++++ Exercise material ++++

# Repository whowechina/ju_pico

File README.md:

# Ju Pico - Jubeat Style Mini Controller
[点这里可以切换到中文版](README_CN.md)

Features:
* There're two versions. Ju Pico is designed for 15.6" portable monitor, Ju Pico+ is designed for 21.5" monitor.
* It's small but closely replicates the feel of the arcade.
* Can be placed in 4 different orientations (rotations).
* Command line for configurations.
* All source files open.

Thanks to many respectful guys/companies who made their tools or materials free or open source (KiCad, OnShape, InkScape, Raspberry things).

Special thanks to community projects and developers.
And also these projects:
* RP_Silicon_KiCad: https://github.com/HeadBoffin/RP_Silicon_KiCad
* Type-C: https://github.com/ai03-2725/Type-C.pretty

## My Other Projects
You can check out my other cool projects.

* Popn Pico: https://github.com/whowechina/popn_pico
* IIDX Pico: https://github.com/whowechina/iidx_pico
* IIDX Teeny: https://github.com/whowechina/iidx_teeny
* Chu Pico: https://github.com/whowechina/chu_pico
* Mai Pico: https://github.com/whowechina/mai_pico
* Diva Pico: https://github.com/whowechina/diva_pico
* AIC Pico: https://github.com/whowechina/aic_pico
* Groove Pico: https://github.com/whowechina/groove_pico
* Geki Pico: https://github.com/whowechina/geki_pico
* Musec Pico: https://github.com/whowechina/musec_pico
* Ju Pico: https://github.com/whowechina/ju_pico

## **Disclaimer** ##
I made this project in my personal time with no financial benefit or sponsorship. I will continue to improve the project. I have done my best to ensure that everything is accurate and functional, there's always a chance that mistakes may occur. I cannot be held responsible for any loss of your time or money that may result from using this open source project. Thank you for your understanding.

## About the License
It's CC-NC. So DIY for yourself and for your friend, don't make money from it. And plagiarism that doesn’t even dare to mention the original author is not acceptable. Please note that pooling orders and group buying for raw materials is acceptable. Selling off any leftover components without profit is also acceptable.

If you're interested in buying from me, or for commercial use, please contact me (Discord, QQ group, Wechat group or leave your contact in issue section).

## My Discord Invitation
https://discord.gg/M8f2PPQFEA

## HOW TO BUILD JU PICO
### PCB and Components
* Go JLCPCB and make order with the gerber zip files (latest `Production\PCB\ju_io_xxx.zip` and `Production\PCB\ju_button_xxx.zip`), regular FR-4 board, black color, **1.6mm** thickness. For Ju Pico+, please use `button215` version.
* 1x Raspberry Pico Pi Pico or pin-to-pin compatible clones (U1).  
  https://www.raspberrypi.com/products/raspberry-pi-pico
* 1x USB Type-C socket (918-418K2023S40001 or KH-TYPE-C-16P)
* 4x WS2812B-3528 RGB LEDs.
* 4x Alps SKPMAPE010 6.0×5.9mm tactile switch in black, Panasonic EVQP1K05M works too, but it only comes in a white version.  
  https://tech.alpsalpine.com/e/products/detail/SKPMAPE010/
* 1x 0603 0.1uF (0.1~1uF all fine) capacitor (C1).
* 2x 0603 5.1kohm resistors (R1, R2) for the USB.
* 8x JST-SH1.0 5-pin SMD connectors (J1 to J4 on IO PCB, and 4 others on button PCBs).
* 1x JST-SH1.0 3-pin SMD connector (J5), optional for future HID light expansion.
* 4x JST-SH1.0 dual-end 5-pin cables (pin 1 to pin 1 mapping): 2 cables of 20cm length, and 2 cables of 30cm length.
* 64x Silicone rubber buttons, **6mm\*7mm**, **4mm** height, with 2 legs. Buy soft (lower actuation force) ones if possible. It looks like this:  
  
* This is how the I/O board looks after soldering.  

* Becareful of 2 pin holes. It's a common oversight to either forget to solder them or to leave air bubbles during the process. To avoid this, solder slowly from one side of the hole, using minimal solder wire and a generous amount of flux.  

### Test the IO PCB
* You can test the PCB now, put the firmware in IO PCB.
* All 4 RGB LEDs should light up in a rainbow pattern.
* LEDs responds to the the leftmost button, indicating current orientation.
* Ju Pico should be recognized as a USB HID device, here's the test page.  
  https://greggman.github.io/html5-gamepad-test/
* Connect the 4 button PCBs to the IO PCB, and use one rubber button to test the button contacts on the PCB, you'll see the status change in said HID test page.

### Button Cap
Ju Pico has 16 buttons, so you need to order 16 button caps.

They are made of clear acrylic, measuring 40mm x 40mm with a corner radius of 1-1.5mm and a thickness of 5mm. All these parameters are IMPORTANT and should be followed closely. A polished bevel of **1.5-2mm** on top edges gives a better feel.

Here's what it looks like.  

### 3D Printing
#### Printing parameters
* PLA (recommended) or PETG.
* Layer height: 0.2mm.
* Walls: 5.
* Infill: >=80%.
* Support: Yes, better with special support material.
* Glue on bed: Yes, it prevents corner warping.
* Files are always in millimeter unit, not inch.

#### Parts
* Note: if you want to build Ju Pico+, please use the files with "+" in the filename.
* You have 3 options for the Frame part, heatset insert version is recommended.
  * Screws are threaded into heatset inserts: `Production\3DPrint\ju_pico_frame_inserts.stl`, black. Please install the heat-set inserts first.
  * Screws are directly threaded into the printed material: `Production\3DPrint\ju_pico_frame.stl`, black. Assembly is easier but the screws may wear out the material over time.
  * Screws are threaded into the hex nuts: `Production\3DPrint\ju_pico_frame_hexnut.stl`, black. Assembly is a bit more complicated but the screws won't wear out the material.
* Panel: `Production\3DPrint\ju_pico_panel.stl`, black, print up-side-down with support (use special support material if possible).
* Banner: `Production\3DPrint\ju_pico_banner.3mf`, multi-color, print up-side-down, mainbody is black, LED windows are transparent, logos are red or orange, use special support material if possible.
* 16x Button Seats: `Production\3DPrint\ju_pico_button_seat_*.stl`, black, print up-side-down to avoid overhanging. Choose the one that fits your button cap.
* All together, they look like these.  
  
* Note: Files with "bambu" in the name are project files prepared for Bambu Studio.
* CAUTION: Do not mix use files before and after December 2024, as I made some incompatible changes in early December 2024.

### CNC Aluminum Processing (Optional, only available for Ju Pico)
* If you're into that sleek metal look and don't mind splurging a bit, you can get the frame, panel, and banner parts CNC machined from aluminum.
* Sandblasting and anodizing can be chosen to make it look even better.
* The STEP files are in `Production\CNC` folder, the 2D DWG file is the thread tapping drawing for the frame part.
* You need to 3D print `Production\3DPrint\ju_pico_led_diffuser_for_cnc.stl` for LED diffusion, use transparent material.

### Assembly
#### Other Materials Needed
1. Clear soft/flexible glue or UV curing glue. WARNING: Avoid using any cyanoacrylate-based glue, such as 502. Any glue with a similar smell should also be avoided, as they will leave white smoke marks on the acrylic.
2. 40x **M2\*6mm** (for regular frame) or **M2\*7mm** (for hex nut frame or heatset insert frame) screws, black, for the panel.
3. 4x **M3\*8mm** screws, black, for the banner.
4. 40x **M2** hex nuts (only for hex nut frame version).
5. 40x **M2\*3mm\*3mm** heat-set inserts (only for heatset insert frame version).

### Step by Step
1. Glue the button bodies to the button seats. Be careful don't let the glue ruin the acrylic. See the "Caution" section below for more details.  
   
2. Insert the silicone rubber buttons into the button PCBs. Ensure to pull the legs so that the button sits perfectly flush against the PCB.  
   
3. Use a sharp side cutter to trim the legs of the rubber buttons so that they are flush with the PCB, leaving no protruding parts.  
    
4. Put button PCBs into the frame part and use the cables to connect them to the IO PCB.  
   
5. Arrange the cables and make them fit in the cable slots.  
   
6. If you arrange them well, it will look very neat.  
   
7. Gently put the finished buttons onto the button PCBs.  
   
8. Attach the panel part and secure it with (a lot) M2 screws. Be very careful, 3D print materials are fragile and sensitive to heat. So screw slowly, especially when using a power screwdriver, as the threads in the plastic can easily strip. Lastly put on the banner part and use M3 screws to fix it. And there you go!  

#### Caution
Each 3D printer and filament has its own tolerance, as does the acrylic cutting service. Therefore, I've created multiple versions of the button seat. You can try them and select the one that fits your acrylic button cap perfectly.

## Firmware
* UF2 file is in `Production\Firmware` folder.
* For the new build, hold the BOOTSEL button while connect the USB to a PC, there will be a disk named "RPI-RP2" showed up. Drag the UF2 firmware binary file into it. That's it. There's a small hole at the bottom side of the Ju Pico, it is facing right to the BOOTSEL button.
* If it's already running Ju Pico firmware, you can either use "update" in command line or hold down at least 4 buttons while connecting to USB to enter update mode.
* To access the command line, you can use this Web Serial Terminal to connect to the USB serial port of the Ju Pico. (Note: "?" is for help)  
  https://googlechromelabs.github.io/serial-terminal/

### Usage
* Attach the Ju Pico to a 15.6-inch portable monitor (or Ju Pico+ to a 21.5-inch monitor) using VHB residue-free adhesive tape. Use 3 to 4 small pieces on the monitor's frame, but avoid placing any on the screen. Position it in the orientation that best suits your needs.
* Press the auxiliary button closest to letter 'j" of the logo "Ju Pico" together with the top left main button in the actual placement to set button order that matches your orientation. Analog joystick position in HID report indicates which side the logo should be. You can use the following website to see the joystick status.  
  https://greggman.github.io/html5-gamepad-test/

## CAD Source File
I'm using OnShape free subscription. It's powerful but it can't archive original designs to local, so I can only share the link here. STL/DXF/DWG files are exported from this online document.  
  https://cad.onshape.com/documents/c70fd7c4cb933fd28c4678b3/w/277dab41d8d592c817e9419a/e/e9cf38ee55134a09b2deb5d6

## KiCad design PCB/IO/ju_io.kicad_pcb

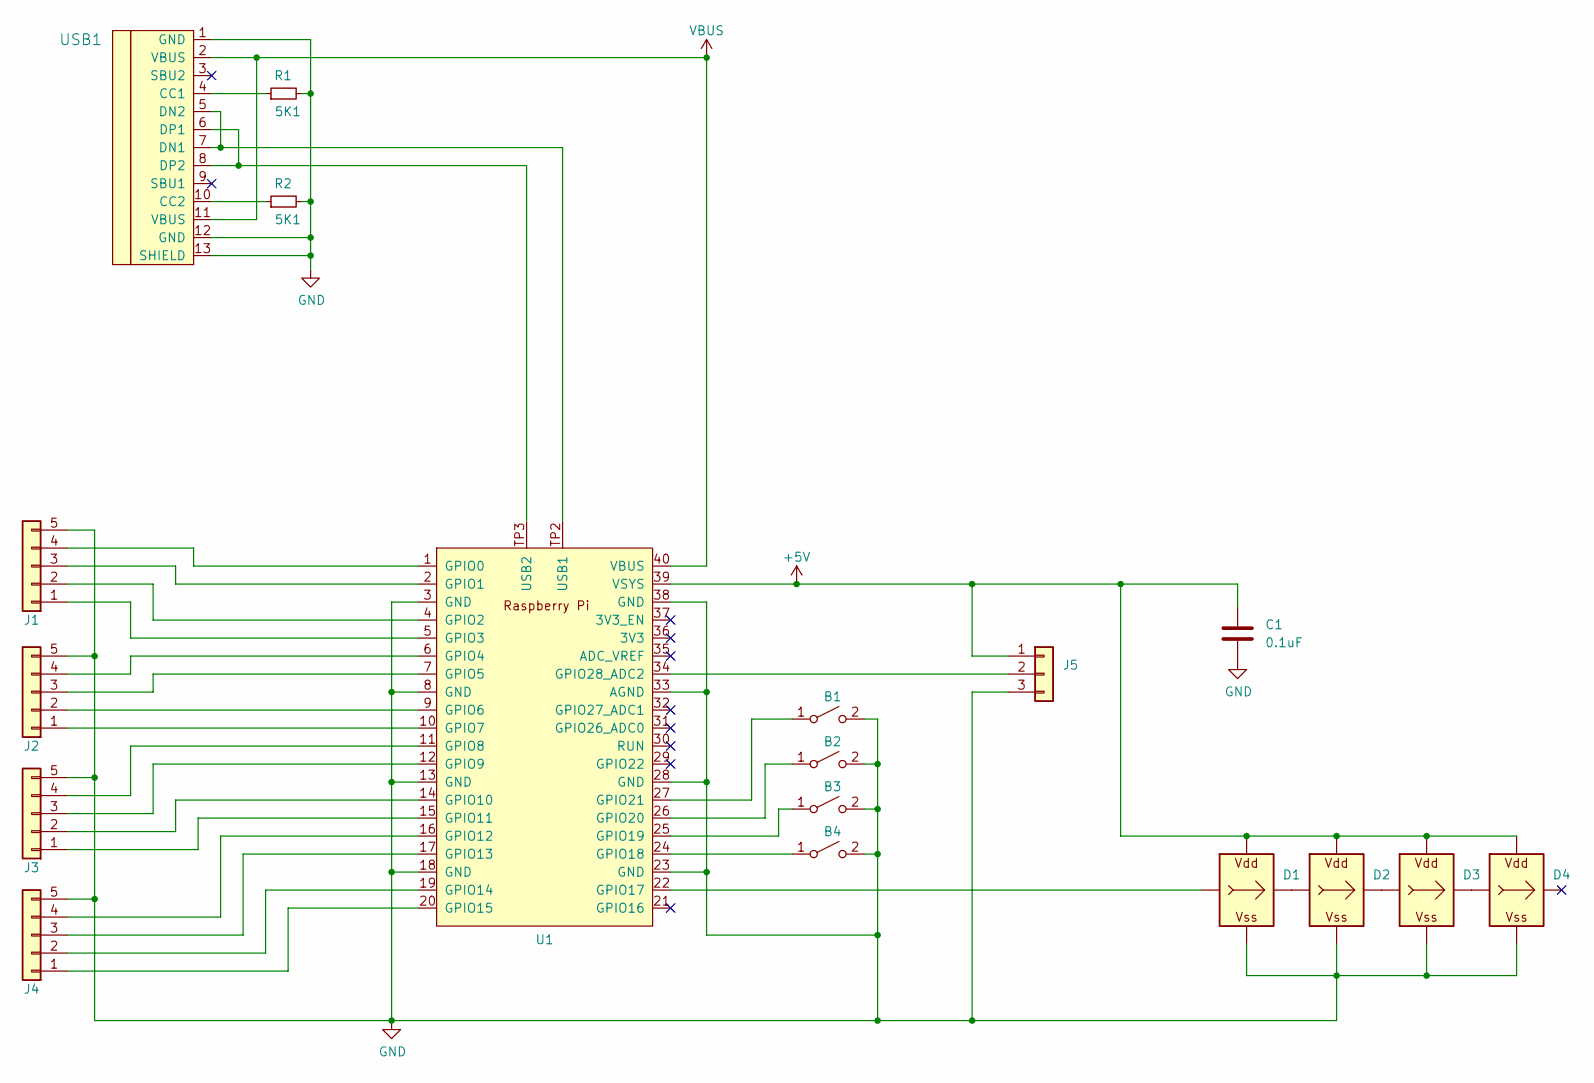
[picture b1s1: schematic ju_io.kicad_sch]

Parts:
B1, B2, B3, B4: SW_SPST; EVQP1K05M
C1: 0.1uF; C_0603_1608Metric_Pad1.08x0.95mm_HandSolder
D1, D2, D3, D4: WS2812B_Unified; WS2812B-2835
J1, J2, J3, J4: Conn_01x05; SH1.0_5P
J5: Conn_01x03; SH1.0_3P
R1, R2: 5K1; R_0603_1608Metric_Pad0.98x0.95mm_HandSolder; LCSC C23186
U1: PiPico_No_SWD; RPi_Pico_SMD_Pins_No_SWD_No_Text
USB1: U262-161N-4BVC11; HRO-TYPE-C-31-M-12-Assembly; LCSC C319148

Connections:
+5V: C1.1, D1.V (VDD), D2.V (VDD), D3.V (VDD), D4.V (VDD), J5.1, U1.39 (VSYS)
GND: B1.2 (B), B2.2 (B), B3.2 (B), B4.2 (B), C1.2, D1.G (VSS), D2.G (VSS), D3.G (VSS), D4.G (VSS), J1.5, J2.5, J3.5, J4.5, J5.3, R1.2, R2.2, U1.3 (GND), U1.8 (GND), U1.13 (GND), U1.18 (GND), U1.23 (GND), U1.28 (GND), U1.33 (AGND), U1.38 (GND), USB1.1 (GND), USB1.12 (GND), USB1.13 (SHIELD)
unnamed: B1.1 (A), U1.27 (GPIO21)
unnamed: B2.1 (A), U1.26 (GPIO20)
unnamed: B3.1 (A), U1.25 (GPIO19)
unnamed: B4.1 (A), U1.24 (GPIO18)
unnamed: D1.I (In), U1.22 (GPIO17)
unnamed: D1.O (Out), D2.I (In)
unnamed: D2.O (Out), D3.I (In)
unnamed: D3.O (Out), D4.I (In)
unnamed: J1.1, U1.5 (GPIO3)
unnamed: J1.2, U1.4 (GPIO2)
unnamed: J1.3, U1.2 (GPIO1)
unnamed: J1.4, U1.1 (GPIO0)
unnamed: J2.1, U1.10 (GPIO7)
unnamed: J2.2, U1.9 (GPIO6)
unnamed: J2.3, U1.7 (GPIO5)
unnamed: J2.4, U1.6 (GPIO4)
unnamed: J3.1, U1.15 (GPIO11)
unnamed: J3.2, U1.14 (GPIO10)
unnamed: J3.3, U1.12 (GPIO9)
unnamed: J3.4, U1.11 (GPIO8)
unnamed: J4.1, U1.20 (GPIO15)
unnamed: J4.2, U1.19 (GPIO14)
unnamed: J4.3, U1.17 (GPIO13)
unnamed: J4.4, U1.16 (GPIO12)
unnamed: J5.2, U1.34 (GPIO28_ADC2)
unnamed: U1.TP2 (USB1), USB1.5 (DN2), USB1.7 (DN1)
unnamed: U1.TP3 (USB2), USB1.6 (DP1), USB1.8 (DP2)
unnamed: R1.1, USB1.4 (CC1)
unnamed: R2.1, USB1.10 (CC2)
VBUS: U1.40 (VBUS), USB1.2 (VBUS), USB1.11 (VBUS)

++++

▶ _What you need to do_
Beginning at the line above with "And also these" and finishing at the line with "IIDX Teeny: https://github.com/whowechina/iidx_teeny", return each line exactly and return nothing else.

▶ _Completed task_
And also these projects:
* RP_Silicon_KiCad: https://github.com/HeadBoffin/RP_Silicon_KiCad
* Type-C: https://github.com/ai03-2725/Type-C.pretty

## My Other Projects
You can check out my other cool projects.

* Popn Pico: https://github.com/whowechina/popn_pico
* IIDX Pico: https://github.com/whowechina/iidx_pico
* IIDX Teeny: https://github.com/whowechina/iidx_teeny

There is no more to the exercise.